Only the number is needed: the count of lines in the records with the word "blocks".

Records drawn from a dataset
BEGIN
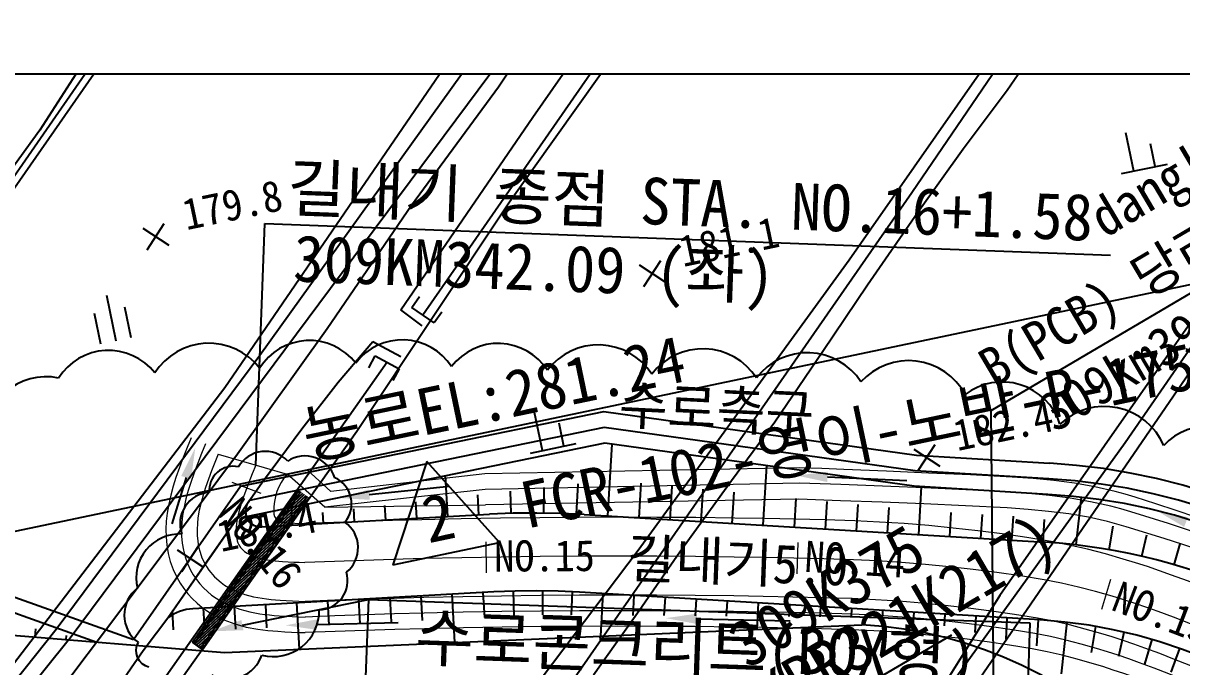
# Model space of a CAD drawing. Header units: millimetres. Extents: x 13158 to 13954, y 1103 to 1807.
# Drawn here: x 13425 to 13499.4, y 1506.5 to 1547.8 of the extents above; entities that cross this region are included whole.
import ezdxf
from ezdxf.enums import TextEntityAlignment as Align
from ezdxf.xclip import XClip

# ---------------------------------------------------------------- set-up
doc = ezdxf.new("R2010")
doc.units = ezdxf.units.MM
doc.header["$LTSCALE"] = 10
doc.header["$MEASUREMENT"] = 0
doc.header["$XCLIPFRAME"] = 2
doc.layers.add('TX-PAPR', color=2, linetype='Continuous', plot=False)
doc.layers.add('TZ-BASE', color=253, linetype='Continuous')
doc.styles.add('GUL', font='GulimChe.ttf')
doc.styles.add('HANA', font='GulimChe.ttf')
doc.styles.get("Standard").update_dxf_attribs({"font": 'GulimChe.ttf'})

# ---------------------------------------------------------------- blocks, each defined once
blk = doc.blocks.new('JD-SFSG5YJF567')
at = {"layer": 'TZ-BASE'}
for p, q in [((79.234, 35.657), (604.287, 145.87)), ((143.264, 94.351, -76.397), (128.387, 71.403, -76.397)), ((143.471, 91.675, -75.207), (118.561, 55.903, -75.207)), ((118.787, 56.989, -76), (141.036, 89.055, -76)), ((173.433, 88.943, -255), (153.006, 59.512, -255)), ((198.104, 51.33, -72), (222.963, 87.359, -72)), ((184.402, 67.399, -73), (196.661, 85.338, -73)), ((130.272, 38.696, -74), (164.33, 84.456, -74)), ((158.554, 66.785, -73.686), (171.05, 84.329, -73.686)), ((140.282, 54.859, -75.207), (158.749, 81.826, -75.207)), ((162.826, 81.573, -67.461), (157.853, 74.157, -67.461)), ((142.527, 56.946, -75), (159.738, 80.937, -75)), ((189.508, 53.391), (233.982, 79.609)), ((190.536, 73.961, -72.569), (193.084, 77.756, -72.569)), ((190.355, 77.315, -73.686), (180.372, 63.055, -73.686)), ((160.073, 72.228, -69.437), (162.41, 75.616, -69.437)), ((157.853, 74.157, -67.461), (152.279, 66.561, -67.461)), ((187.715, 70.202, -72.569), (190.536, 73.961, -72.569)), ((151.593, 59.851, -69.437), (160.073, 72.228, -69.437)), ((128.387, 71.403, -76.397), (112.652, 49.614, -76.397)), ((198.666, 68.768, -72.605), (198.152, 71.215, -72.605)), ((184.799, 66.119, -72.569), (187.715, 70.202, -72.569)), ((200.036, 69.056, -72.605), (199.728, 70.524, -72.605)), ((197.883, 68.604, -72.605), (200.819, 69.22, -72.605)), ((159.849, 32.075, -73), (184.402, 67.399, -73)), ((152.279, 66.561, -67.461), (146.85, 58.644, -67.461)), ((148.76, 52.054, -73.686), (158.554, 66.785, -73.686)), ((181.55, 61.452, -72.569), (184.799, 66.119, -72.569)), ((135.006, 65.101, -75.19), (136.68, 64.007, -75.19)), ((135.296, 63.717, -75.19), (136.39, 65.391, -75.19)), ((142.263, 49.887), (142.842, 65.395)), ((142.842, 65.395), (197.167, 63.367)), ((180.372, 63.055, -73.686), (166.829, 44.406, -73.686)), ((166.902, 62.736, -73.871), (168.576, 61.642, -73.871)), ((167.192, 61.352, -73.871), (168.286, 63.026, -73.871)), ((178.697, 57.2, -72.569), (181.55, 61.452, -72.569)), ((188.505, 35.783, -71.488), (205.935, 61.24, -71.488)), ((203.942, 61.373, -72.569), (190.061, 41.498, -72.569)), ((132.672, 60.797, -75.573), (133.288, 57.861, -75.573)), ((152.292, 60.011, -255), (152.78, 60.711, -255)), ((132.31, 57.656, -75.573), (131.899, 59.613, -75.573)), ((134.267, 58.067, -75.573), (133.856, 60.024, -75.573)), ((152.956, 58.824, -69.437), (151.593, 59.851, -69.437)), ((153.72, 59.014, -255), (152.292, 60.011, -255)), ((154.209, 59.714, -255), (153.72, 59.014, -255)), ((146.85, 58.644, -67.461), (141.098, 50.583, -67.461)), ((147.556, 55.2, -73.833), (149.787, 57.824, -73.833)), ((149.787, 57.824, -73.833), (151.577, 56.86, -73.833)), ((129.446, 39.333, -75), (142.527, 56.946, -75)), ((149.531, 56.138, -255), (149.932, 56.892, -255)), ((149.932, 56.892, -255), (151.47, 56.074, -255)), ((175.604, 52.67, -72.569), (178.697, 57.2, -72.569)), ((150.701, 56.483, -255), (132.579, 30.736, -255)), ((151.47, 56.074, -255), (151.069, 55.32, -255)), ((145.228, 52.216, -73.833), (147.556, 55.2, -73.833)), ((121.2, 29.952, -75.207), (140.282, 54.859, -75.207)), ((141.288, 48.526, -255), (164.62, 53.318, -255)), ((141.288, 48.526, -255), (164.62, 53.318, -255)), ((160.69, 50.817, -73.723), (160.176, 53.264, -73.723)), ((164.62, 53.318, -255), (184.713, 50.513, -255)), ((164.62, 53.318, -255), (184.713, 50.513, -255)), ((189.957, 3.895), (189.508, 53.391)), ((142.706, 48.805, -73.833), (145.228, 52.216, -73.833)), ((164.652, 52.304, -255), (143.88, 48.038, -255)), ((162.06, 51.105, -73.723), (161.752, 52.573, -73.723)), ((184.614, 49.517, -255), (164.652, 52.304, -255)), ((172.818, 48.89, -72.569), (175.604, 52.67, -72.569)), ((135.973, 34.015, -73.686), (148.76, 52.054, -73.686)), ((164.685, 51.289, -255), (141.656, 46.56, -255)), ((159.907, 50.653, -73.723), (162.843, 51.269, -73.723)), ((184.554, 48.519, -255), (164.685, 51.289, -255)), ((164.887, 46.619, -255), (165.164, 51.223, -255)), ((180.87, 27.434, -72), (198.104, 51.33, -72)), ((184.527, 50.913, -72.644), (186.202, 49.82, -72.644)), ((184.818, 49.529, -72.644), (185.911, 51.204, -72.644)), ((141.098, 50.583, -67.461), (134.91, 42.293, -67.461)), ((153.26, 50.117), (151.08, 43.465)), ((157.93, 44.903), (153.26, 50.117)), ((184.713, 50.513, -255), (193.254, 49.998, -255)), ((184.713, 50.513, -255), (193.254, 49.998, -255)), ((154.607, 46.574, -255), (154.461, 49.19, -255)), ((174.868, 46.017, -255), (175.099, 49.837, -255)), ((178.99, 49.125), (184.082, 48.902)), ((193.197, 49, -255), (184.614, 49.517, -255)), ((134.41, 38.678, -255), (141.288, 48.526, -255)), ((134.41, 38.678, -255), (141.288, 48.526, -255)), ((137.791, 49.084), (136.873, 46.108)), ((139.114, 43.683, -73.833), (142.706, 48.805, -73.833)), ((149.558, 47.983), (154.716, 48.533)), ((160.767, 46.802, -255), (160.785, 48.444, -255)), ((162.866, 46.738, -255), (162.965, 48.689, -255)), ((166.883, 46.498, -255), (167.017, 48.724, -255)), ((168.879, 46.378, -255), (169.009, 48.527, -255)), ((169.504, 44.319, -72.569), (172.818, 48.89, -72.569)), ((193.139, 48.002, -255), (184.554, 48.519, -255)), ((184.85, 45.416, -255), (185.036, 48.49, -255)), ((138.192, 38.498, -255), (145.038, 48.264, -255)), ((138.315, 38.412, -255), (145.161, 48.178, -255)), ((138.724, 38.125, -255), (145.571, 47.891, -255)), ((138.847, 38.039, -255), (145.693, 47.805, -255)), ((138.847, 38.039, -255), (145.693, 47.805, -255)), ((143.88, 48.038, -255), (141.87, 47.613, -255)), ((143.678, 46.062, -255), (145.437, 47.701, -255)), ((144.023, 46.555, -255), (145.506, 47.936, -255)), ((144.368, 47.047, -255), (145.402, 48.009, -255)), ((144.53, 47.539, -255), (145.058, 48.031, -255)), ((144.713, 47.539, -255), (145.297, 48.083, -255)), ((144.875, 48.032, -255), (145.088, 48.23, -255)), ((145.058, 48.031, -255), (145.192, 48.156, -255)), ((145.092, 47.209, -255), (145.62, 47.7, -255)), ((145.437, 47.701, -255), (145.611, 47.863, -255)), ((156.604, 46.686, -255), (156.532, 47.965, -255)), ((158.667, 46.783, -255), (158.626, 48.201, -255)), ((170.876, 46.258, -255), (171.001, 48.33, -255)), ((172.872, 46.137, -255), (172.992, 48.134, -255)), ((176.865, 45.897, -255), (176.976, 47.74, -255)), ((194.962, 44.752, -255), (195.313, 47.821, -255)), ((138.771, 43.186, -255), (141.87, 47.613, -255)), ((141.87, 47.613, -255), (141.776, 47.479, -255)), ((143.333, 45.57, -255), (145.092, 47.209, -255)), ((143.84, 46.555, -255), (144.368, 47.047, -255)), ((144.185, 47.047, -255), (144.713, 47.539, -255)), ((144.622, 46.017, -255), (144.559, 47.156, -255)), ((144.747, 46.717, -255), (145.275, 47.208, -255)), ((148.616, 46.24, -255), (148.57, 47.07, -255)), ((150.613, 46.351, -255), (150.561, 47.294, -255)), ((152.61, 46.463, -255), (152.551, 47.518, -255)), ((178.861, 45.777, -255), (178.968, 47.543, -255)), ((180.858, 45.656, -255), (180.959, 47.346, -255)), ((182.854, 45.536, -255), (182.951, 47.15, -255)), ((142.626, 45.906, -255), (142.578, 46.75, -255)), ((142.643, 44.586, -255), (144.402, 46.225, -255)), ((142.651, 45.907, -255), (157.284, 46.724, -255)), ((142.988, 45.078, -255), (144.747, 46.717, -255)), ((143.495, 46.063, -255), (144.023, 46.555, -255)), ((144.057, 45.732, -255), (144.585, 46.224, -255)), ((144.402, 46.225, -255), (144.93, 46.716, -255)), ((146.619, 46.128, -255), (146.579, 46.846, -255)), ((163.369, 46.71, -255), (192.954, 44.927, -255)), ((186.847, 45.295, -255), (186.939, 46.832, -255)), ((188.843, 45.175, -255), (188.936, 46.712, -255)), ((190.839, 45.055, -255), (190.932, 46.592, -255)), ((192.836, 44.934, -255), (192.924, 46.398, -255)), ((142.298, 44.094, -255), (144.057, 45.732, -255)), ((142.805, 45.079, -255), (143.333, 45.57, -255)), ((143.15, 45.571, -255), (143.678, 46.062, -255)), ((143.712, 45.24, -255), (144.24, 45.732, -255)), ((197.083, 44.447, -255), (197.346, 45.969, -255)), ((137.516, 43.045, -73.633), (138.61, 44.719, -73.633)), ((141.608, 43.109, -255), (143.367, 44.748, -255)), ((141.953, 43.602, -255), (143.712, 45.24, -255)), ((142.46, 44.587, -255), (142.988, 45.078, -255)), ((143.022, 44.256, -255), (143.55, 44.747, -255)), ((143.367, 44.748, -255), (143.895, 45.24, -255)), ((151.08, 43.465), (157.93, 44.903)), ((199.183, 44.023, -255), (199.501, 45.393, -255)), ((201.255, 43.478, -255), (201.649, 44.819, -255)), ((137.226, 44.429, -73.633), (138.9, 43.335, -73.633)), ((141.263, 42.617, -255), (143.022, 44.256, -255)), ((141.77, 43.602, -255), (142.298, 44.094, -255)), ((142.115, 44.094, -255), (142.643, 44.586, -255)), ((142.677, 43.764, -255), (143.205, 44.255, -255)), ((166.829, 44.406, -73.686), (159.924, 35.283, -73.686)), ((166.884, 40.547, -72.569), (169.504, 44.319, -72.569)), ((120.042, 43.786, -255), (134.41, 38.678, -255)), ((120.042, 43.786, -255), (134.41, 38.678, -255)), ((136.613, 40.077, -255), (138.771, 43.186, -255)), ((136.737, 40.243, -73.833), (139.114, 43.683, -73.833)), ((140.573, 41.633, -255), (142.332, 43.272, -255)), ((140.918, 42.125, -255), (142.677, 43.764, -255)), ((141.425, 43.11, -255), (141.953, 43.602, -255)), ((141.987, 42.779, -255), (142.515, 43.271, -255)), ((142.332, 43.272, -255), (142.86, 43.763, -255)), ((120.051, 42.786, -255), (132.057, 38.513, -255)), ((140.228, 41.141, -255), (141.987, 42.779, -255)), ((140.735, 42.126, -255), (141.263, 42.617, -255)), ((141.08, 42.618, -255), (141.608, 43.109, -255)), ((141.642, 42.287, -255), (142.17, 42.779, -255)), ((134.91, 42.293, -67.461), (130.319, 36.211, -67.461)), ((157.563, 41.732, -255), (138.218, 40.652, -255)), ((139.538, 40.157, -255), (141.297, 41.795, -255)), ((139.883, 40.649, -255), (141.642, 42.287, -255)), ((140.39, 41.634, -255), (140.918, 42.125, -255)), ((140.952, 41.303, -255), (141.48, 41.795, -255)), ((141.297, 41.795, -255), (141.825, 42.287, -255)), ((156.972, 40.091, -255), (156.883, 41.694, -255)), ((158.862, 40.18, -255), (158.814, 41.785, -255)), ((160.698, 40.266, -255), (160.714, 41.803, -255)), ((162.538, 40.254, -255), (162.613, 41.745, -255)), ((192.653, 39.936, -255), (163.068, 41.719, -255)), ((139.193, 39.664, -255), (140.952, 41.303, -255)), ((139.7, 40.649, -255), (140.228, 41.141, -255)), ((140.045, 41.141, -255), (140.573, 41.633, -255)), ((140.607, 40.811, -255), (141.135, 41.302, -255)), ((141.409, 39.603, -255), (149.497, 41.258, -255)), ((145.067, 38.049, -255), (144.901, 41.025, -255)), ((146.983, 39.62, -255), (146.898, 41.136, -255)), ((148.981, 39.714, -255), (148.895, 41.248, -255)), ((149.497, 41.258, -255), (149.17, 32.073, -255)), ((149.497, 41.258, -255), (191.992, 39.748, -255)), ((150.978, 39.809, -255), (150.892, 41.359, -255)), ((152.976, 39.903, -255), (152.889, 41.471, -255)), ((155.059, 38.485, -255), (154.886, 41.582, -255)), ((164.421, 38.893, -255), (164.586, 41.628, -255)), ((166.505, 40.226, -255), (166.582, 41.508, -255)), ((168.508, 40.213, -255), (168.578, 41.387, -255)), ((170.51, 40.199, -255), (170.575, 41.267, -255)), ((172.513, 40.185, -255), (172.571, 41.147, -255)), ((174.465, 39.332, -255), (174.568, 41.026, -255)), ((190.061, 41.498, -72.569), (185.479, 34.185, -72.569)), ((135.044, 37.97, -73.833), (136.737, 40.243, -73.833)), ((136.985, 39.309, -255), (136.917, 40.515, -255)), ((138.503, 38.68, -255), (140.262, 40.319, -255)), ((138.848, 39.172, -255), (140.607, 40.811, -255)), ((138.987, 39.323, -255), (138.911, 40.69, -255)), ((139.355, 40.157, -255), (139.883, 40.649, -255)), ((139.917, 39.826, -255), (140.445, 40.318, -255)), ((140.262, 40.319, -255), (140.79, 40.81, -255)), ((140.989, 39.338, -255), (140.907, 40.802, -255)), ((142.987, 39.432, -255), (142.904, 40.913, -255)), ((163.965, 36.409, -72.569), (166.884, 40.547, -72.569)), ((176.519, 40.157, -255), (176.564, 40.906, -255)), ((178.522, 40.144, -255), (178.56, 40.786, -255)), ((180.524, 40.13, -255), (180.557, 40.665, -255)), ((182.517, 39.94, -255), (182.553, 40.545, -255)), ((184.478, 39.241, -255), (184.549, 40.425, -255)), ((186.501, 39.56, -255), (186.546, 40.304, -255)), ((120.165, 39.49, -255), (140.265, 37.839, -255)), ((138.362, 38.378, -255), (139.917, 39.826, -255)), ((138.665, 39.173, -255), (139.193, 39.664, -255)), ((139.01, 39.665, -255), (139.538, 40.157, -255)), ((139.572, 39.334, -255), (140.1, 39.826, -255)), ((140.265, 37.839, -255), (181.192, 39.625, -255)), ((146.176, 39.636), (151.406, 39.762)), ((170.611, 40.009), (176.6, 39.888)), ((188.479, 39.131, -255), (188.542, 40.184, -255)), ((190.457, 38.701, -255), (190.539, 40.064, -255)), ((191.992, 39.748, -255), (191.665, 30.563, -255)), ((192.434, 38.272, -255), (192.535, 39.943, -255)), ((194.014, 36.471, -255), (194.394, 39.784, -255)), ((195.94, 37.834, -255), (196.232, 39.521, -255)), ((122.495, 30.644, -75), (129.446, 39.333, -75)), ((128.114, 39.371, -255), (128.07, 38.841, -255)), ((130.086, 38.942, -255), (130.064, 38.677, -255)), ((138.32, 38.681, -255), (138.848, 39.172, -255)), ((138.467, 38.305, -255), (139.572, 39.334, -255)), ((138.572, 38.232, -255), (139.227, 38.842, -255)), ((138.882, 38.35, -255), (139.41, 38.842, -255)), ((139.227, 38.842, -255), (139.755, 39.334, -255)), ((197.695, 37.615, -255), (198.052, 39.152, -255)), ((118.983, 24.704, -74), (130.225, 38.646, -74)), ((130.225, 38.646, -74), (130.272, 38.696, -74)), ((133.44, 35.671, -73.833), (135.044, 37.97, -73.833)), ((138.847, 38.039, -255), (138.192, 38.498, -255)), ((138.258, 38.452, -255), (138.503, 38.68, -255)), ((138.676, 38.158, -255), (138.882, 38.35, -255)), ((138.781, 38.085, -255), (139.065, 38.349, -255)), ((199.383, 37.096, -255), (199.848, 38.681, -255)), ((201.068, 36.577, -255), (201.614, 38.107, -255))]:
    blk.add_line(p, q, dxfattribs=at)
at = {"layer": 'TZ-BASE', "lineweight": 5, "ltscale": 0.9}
END
▶ [Answer below]
2